(Dataset items)

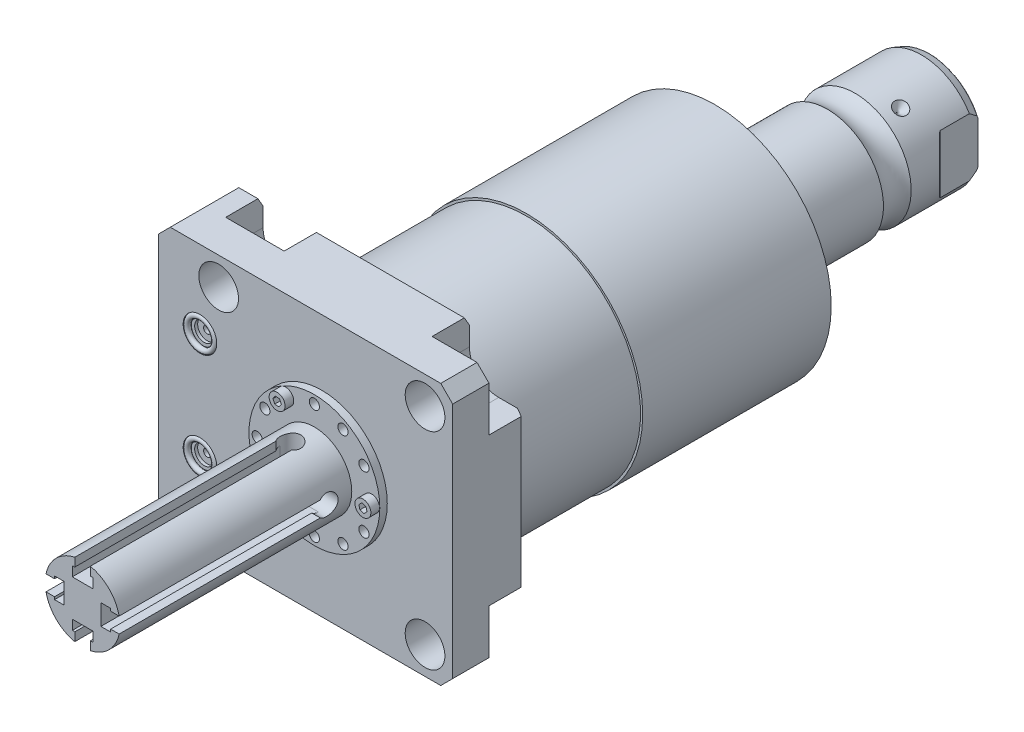
from build123d import *

# Parameters (mm, degrees)
SKETCH1_W                   = 99.9998
SKETCH1_H                   = 88.9
EXTRUDE1_DEPTH              = 25.019
SKETCH2_R                   = 6.7437
CUT_EXTRUDE1_DEPTH          = 27.5209
LPATTERN1_COUNT             = 2
LPATTERN1_PITCH             = 70.104
LPATTERN1_COUNT_DIR2        = 2
LPATTERN1_PITCH_DIR2        = 70.104
CUT_EXTRUDE2_DEPTH          = 12.7
SKETCH6_R                   = 5.7023
CUT_EXTRUDE3_DEPTH          = 1.4478
SKETCH7_R                   = 3.2512
CUT_EXTRUDE4_DEPTH          = 1.016
SKETCH8_R                   = 1.2446
CUT_EXTRUDE5_DEPTH          = 11.9888
SKETCH9_R                   = 0.9271
LPATTERN3_COUNT             = 2
LPATTERN3_PITCH             = 36.2204
CHAMFER1_SIZE               = 4.064
CHAMFER2_SIZE               = 3.0226
CHAMFER2_SIZE2              = 1.745098924
SKETCH14_R                  = 39.5224
EXTRUDE2_DEPTH              = 112.268
SKETCH15_OUTSIDE_W          = 140.4
SKETCH15_OUTSIDE_H          = 129.3
SKETCH15_OUTSIDE_R          = 38.7858
CUT_EXTRUDE9_DEPTH          = 44.45
CIRPATTERN1_COUNT           = 3
FILLET1_R                   = 0.635
CUT_EXTRUDE12_DEPTH         = 45.45
CUT_EXTRUDE12_DEPTH_BACK    = 45.45
SKETCH28_R                  = 1.7272
CUT_EXTRUDE13_DEPTH         = 2.54
SKETCH29_R                  = 2.7051
EXTRUDE3_DEPTH              = 2.9464
CUT_EXTRUDE14_DEPTH         = 2.032
CUT_EXTRUDE15_DEPTH         = 6.477
SKETCH32_W                  = 6.985
SKETCH32_H                  = 70.612
CUT_EXTRUDE16_DEPTH         = 3.302
CIRPATTERN2_COUNT           = 2
CIRPATTERN2_ANGLE           = 90
CIRPATTERN2_COPY_1_DEPTH    = 6.477
CIRPATTERN2_COPY_2_SKETCH_W = 6.985
CIRPATTERN2_COPY_2_SKETCH_H = 70.612
CIRPATTERN2_COPY_2_DEPTH    = 3.302


with BuildPart() as part:
    # Sketch1 → Extrude1 (new body)
    with BuildSketch(Plane.XY):
        with Locations((-5.5499, 0)):
            Rectangle(SKETCH1_W, SKETCH1_H)
    extrude(amount=EXTRUDE1_DEPTH)

    # Sketch2 → Cut-Extrude1 (cut)
    with BuildSketch(Plane(origin=(0, 0, 0), x_dir=(-1, 0, 0), z_dir=(0, 0, -1))):
        with Locations((-35.052, -35.052)):
            Circle(SKETCH2_R)
    cut_extrude1 = extrude(amount=-CUT_EXTRUDE1_DEPTH, mode=Mode.SUBTRACT)

    # LPattern1: Cut-Extrude1 2 × 2
    with Locations(*[(-j * LPATTERN1_PITCH_DIR2, i * LPATTERN1_PITCH, 0) for i in range(LPATTERN1_COUNT) for j in range(LPATTERN1_COUNT_DIR2) if (i, j) != (0, 0)]):
        add(cut_extrude1, mode=Mode.SUBTRACT)

    # Sketch3 → Cut-Extrude2 (cut)
    with BuildSketch(Plane(origin=(0, 0, 0), x_dir=(-1, 0, 0), z_dir=(0, 0, -1))):
        with BuildLine():
            Line((-35.052, -25.1206), (-44.45, -25.1206))
            Line((-44.45, -25.1206), (-44.45, -44.45))
            Line((-44.45, -44.45), (-25.1206, -44.45))
            Line((-25.1206, -44.45), (-25.1206, -35.052))
            ThreePointArc((-25.1206, -35.052), (-28.029439713, -28.029439713), (-35.052, -25.1206))
        make_face()
        with BuildLine():
            Line((-44.45, 25.1206), (-44.45, 44.45))
            Line((-44.45, 44.45), (-25.1206, 44.45))
            Line((-25.1206, 44.45), (-25.1206, 35.052))
            ThreePointArc((-25.1206, 35.052), (-28.029439713, 28.029439713), (-35.052, 25.1206))
            Line((-35.052, 25.1206), (-44.45, 25.1206))
        make_face()
        with BuildLine():
            Line((25.1206, 44.45), (25.1206, 35.052))
            ThreePointArc((25.1206, 35.052), (35.052, 25.1206), (44.9834, 35.052))
            Line((44.9834, 35.052), (44.9834, 44.45))
            Line((44.9834, 44.45), (25.1206, 44.45))
        make_face()
        with BuildLine():
            Line((44.9834, -44.45), (25.1206, -44.45))
            Line((25.1206, -44.45), (25.1206, -35.052))
            ThreePointArc((25.1206, -35.052), (35.052, -25.1206), (44.9834, -35.052))
            Line((44.9834, -35.052), (44.9834, -44.45))
        make_face()
    extrude(amount=-CUT_EXTRUDE2_DEPTH, mode=Mode.SUBTRACT)

    # S2D0007 → Cut-Revolve1 (revolve, cut)
    with BuildSketch(Plane(origin=(-55.5498, -13.0048, 12.0142), x_dir=(0, 1, 0), z_dir=(0, 0, 1)), mode=Mode.PRIVATE) as cut_revolve1_sk:
        Polygon((0, 0), (10.4775, 0), (10.4775, -0.254), (6.1849, -0.254), (5.642306865, -2.8067), (4.9784, -3.470606865), (4.9784, -14.224), (0, -14.224), align=None)
    revolve(cut_revolve1_sk.sketch.rotate(Axis((-40.6146, -13.0048, 12.0142), (-1, 0, 0)), 90), axis=Axis((-40.6146, -13.0048, 12.0142), (-1, 0, 0)), mode=Mode.SUBTRACT)  # turned: the seam where the file's is

    # Sketch5 → Cut-Revolve2 (revolve, cut)
    with BuildSketch(Plane(origin=(-55.5498, 13.0048, 12.0142), x_dir=(0, 1, 0), z_dir=(0, 0, 1)), mode=Mode.PRIVATE) as cut_revolve2_sk:
        Polygon((0, 0), (10.4775, 0), (10.4775, -0.254), (6.1849, -0.254), (5.642306865, -2.8067), (4.9784, -3.470606865), (4.9784, -14.224), (0, -14.224), align=None)
    revolve(cut_revolve2_sk.sketch.rotate(Axis((-40.6146, 13.0048, 12.0142), (-1, 0, 0)), 90), axis=Axis((-40.6146, 13.0048, 12.0142), (-1, 0, 0)), mode=Mode.SUBTRACT)  # turned: the seam where the file's is

    # Sketch6 → Cut-Extrude3 (cut)
    with BuildSketch(Plane.XY.offset(25.019)):
        with Locations((-41.402, -18.1102)):
            Circle(SKETCH6_R)
        with Locations((-41.402, 18.1102)):
            Circle(SKETCH6_R)
    extrude(amount=-CUT_EXTRUDE3_DEPTH, mode=Mode.SUBTRACT)

    # Sketch7 → Cut-Extrude4 (cut)
    with BuildSketch(Plane.XY.offset(23.5712)):
        with Locations((-41.402, 18.1102)):
            Circle(SKETCH7_R)
        with Locations((-41.402, -18.1102)):
            Circle(SKETCH7_R)
    extrude(amount=-CUT_EXTRUDE4_DEPTH, mode=Mode.SUBTRACT)

    # Sketch8 → Cut-Extrude5 (cut)
    with BuildSketch(Plane.XY.offset(22.5552)):
        with Locations((-41.402, 18.1102)):
            Circle(SKETCH8_R)
        with Locations((-41.402, -18.1102)):
            Circle(SKETCH8_R)
    extrude(amount=-CUT_EXTRUDE5_DEPTH, mode=Mode.SUBTRACT)

    # Chamfer1
    chamfer1_edges = [part.edges().sort_by_distance(p)[0] for p in [
        (-55.5498, 44.45, 12.5095),
        (44.45, 44.45, 18.8595),
        (44.45, -44.45, 18.8595),
        (-55.5498, -44.45, 12.5095),
    ]]
    chamfer(chamfer1_edges, length=CHAMFER1_SIZE)

    # Chamfer2
    chamfer2_edges = [part.edges().sort_by_distance(p)[0] for p in [
        (-48.2346, -44.45, 0),
        (44.45, 0, 0),
        (0, 44.45, 0),
        (-48.2346, 44.45, 0),
        (0, -44.45, 0),
    ]]
    chamfer2_side = [part.faces().sort_by_distance(p)[0] for p in [
        (-6.590443221, 0, 0),
    ]]
    chamfer(chamfer2_edges, length=CHAMFER2_SIZE, length2=CHAMFER2_SIZE2, reference=chamfer2_side[0])

    # Sketch14 → Extrude2 (add)
    with BuildSketch(Plane(origin=(0, 0, 0), x_dir=(-1, 0, 0), z_dir=(0, 0, -1))):
        Circle(SKETCH14_R)
    extrude(amount=EXTRUDE2_DEPTH)

    # Sketch15 outside → Cut-Extrude9 (cut)
    with BuildSketch(Plane(origin=(0, 0, 0), x_dir=(-1, 0, 0), z_dir=(0, 0, -1))):
        with Locations((5.55, 0)):
            Rectangle(SKETCH15_OUTSIDE_W, SKETCH15_OUTSIDE_H)
        Circle(SKETCH15_OUTSIDE_R, mode=Mode.SUBTRACT)
    extrude(amount=CUT_EXTRUDE9_DEPTH, mode=Mode.SUBTRACT)

    # Sketch16 → Cut-Revolve3 (revolve, cut)
    with BuildSketch(Plane(origin=(0, 0, 0), x_dir=(0, 0, 1), z_dir=(1, 0, 0)), mode=Mode.PRIVATE) as cut_revolve3_sk:
        Polygon((-112.268, 25.4), (-108.483914325, 39.5224), (-112.268, 39.5224), align=None)
    revolve(cut_revolve3_sk.sketch.rotate(Axis((0, 0, -96.582204284), (0, 0, 1)), 270), axis=Axis((0, 0, -96.582204284), (0, 0, 1)), mode=Mode.SUBTRACT)  # turned: the seam where the file's is

    # Sketch17 → Revolve3 (revolve)
    with BuildSketch(Plane(origin=(0, 0, 0), x_dir=(0, 0, 1), z_dir=(1, 0, 0)), mode=Mode.PRIVATE) as revolve3_sk:
        with BuildLine():
            Line((-112.268, 0), (-112.268, 19.05))
            Line((-112.268, 19.05), (-146.70230643, 19.05))
            ThreePointArc((-146.70230643, 19.05), (-151.4094, 17.5006), (-156.11649357, 19.05))
            Line((-156.11649357, 19.05), (-178.6636, 19.05))
            Line((-178.6636, 19.05), (-181.5846, 17.986842946))
            Line((-181.5846, 17.986842946), (-181.5846, 0))
            Line((-181.5846, 0), (-112.268, 0))
        make_face()
    revolve(revolve3_sk.sketch.rotate(Axis((0, 0, -180.9369), (0, 0, 1)), 270), axis=Axis((0, 0, -180.9369), (0, 0, 1)))  # turned: the seam where the file's is

    # Sketch22 → Cut-Revolve4 (revolve, cut)
    with BuildSketch(Plane(origin=(0, 0, 0), x_dir=(1, 0, 0), z_dir=(0, 1, 0)), mode=Mode.PRIVATE) as cut_revolve4_sk:
        Polygon((-19.05, 164.4904), (-16.637, 162.0774), (-19.05, 162.0774), align=None)
    cut_revolve4 = revolve(cut_revolve4_sk.sketch.rotate(Axis((-42.100308337, 0, -162.0774), (1, 0, 0)), 180), axis=Axis((-42.100308337, 0, -162.0774), (1, 0, 0)), mode=Mode.SUBTRACT)  # turned: the seam where the file's is

    # CirPattern1: Cut-Revolve4 ×3 about axis
    cirpattern1_axis = Axis((0, 0, -180.9369), (0, 0, -1))
    for i in range(1, CIRPATTERN1_COUNT):
        add(cut_revolve4.rotate(cirpattern1_axis, i * 360 / CIRPATTERN1_COUNT), mode=Mode.SUBTRACT)

    # Fillet1
    fillet1_edges = [part.edges().sort_by_distance(p)[0] for p in [
        (17.986842946, 0, -181.5846),
    ]]
    fillet(fillet1_edges, radius=FILLET1_R)

    # Sketch24 → Hole1 (revolve, cut)
    with BuildSketch(Plane(origin=(0, 0, -181.5846), x_dir=(0, 1, 0), z_dir=(1, 0, 0))):
        Polygon((0, 0), (0, 25.399999974), (6.9342, 21.23351227), (6.9342, 0), align=None)
    revolve(axis=Axis((0, 0, -185.828799587), (0, 0, 1)), mode=Mode.SUBTRACT)

    # Sketch26 → Cut-Extrude12 (cut, two sides)
    with BuildSketch(Plane(origin=(0, 0, 0), x_dir=(1, 0, 0), z_dir=(0, 1, 0))) as cut_extrude12_sk:
        with BuildLine():
            Line((-16.2814, 181.5846), (-16.2814, 168.8846))
            ThreePointArc((-16.2814, 168.8846), (-16.339403796, 168.592995225), (-16.504584633, 168.345784633))
            Line((-16.504584633, 168.345784633), (-19.05, 165.800369265))
            Line((-19.05, 165.800369265), (-19.05, 181.5846))
            Line((-19.05, 181.5846), (-16.2814, 181.5846))
        make_face()
        with BuildLine():
            Line((19.05, 181.5846), (16.2814, 181.5846))
            Line((16.2814, 181.5846), (16.2814, 168.8846))
            ThreePointArc((16.2814, 168.8846), (16.339403796, 168.592995225), (16.504584633, 168.345784633))
            Line((16.504584633, 168.345784633), (19.05, 165.800369265))
            Line((19.05, 165.800369265), (19.05, 181.5846))
        make_face()
    extrude(amount=CUT_EXTRUDE12_DEPTH, mode=Mode.SUBTRACT)
    extrude(cut_extrude12_sk.sketch, amount=-CUT_EXTRUDE12_DEPTH_BACK, mode=Mode.SUBTRACT)

    # Sketch27 → Revolve4 (revolve)
    with BuildSketch(Plane(origin=(0, 0, 0), x_dir=(1, 0, 0), z_dir=(0, 1, 0)), mode=Mode.PRIVATE) as revolve4_sk:
        Polygon((0, -25.019), (22.225, -25.019), (22.225, -27.559), (12.7, -27.559), (12.7, -106.299), (0, -106.299), align=None)
    revolve(revolve4_sk.sketch.rotate(Axis((0, 0, 1010.393251724), (0, 0, -1)), 180), axis=Axis((0, 0, 1010.393251724), (0, 0, -1)))  # turned: the seam where the file's is

    # Sketch28 → Cut-Extrude13 (cut)
    with BuildSketch(Plane.XY.offset(27.559)):
        with Locations((19.431, 0)):
            Circle(SKETCH28_R)
        with Locations((16.827739621, 9.7155)):
            Circle(SKETCH28_R)
        with Locations((9.7155, 16.827739621)):
            Circle(SKETCH28_R)
        with Locations((0, 19.431)):
            Circle(SKETCH28_R)
        with Locations(Location((-9.7155, 16.827739621, 0), (0, 0, 180))):  # turned: the seam where the file's is
            Circle(SKETCH28_R)
        with Locations(Location((-16.827739621, 9.7155, 0), (0, 0, 180))):  # turned: the seam where the file's is
            Circle(SKETCH28_R)
        with Locations(Location((-19.431, 0, 0), (0, 0, 180))):  # turned: the seam where the file's is
            Circle(SKETCH28_R)
        with Locations(Location((16.827739621, -9.7155, 0), (0, 0, 180))):  # turned: the seam where the file's is
            Circle(SKETCH28_R)
        with Locations(Location((9.7155, -16.827739621, 0), (0, 0, 180))):  # turned: the seam where the file's is
            Circle(SKETCH28_R)
        with Locations(Location((0, -19.431, 0), (0, 0, 180))):  # turned: the seam where the file's is
            Circle(SKETCH28_R)
        with Locations((-9.7155, -16.827739621)):
            Circle(SKETCH28_R)
        with Locations((-16.827739621, -9.7155)):
            Circle(SKETCH28_R)
    extrude(amount=-CUT_EXTRUDE13_DEPTH, mode=Mode.SUBTRACT)

    # Sketch29 → Extrude3 (add)
    with BuildSketch(Plane.XY.offset(27.559)):
        with Locations((19.431, 0)):
            Circle(SKETCH29_R)
        with Locations((-9.7155, 16.827739621)):
            Circle(SKETCH29_R)
        with Locations((-9.7155, -16.827739621)):
            Circle(SKETCH29_R)
    extrude(amount=EXTRUDE3_DEPTH)

    # Sketch30 → Cut-Extrude14 (cut)
    with BuildSketch(Plane.XY.offset(30.5054)):
        Polygon((19.802173147, -1.388381327), (20.818960073, -0.372745288), (20.447786925, 1.015636038), (19.059826853, 1.388381327), (18.043039927, 0.372745288), (18.414213075, -1.015636038), align=None)
        Polygon((-9.086136589, 15.535735786), (-8.281910151, 16.726782406), (-8.911273563, 18.018786241), (-10.344863411, 18.119743456), (-11.149089849, 16.928696836), (-10.519726437, 15.636693001), align=None)
        Polygon((-9.022139215, -18.086557731), (-8.278651145, -16.856680622), (-8.97201193, -15.597862512), (-10.408860785, -15.56892151), (-11.152348855, -16.798798619), (-10.45898807, -18.05761673), align=None)
    extrude(amount=-CUT_EXTRUDE14_DEPTH, mode=Mode.SUBTRACT)

    # Sketch31 → Cut-Extrude15 (cut)
    with BuildSketch(Plane(origin=(0, 12.7, 66.929), x_dir=(-1, 0, 0), z_dir=(0, 1, 0))):
        with BuildLine():
            Line((-2.6416, 39.37), (-2.6416, -28.957376248))
            ThreePointArc((-2.6416, -28.957376248), (0, -34.7345), (2.6416, -28.957376248))
            Line((2.6416, -28.957376248), (2.6416, 39.37))
            Line((2.6416, 39.37), (-2.6416, 39.37))
        make_face()
    cut_extrude15 = extrude(amount=-CUT_EXTRUDE15_DEPTH, mode=Mode.SUBTRACT)

    # Sketch32 → Cut-Extrude16 (cut)
    with BuildSketch(Plane(origin=(0, 6.223, 0), x_dir=(1, 0, 0), z_dir=(0, 1, 0))):
        with Locations((0, -70.993)):
            Rectangle(SKETCH32_W, SKETCH32_H)
    cut_extrude16 = extrude(amount=CUT_EXTRUDE16_DEPTH, mode=Mode.SUBTRACT)

    # Mirror1: Cut-Extrude15, Cut-Extrude16 across plane
    add(cut_extrude15.mirror(Plane.ZX), mode=Mode.SUBTRACT)
    add(cut_extrude16.mirror(Plane.ZX), mode=Mode.SUBTRACT)

    # CirPattern2: Cut-Extrude15, Cut-Extrude16 ×2 about axis
    cirpattern2_axis = Axis((0, 0, 0), (0, 0, 1))
    add([cut_extrude15.rotate(cirpattern2_axis, i * CIRPATTERN2_ANGLE / (CIRPATTERN2_COUNT - 1)) for i in range(1, CIRPATTERN2_COUNT)], mode=Mode.SUBTRACT)
    add([cut_extrude16.rotate(cirpattern2_axis, i * CIRPATTERN2_ANGLE / (CIRPATTERN2_COUNT - 1)) for i in range(1, CIRPATTERN2_COUNT)], mode=Mode.SUBTRACT)

    # CirPattern2 copy 1 sketch → CirPattern2 copy 1 (cut)
    with BuildSketch(Plane(origin=(12.7, 0, 66.929), x_dir=(0, -1, 0), z_dir=(1, 0, 0))):
        with BuildLine():
            Line((-2.6416, -39.37), (-2.6416, 28.957376248))
            ThreePointArc((-2.6416, 28.957376248), (0, 34.7345), (2.6416, 28.957376248))
            Line((2.6416, 28.957376248), (2.6416, -39.37))
            Line((2.6416, -39.37), (-2.6416, -39.37))
        make_face()
    extrude(amount=-CIRPATTERN2_COPY_1_DEPTH, mode=Mode.SUBTRACT)

    # CirPattern2 copy 2 sketch → CirPattern2 copy 2 (cut)
    with BuildSketch(Plane.YZ.offset(6.223)):
        with Locations((0, 70.993)):
            Rectangle(CIRPATTERN2_COPY_2_SKETCH_W, CIRPATTERN2_COPY_2_SKETCH_H)
    extrude(amount=CIRPATTERN2_COPY_2_DEPTH, mode=Mode.SUBTRACT)


with BuildPart() as body_2:
    # Sketch9 → Revolve1 (revolve)
    with BuildSketch(Plane(origin=(-41.656, 18.1102, 23.5712), x_dir=(1, 0, 0), z_dir=(0, 1, 0))):
        with Locations((5.0292, -0.9271)):
            Circle(SKETCH9_R)
    revolve(axis=Axis((-41.402, 18.1102, 25.51811), (0, 0, -1)))


with BuildPart() as lpattern3_1:
    # LPattern3: pattern copy
    add(body_2.part.moved(Location(Vector(0, -1, 0) * (1 * LPATTERN3_PITCH))))


solid = Compound([part.part, body_2.part, lpattern3_1.part])

Exercise brief
Where a line in the entries holds the word "about", copy that line.

Answer to the problem
    # CirPattern1: Cut-Revolve4 ×3 about axis
    # CirPattern2: Cut-Extrude15, Cut-Extrude16 ×2 about axis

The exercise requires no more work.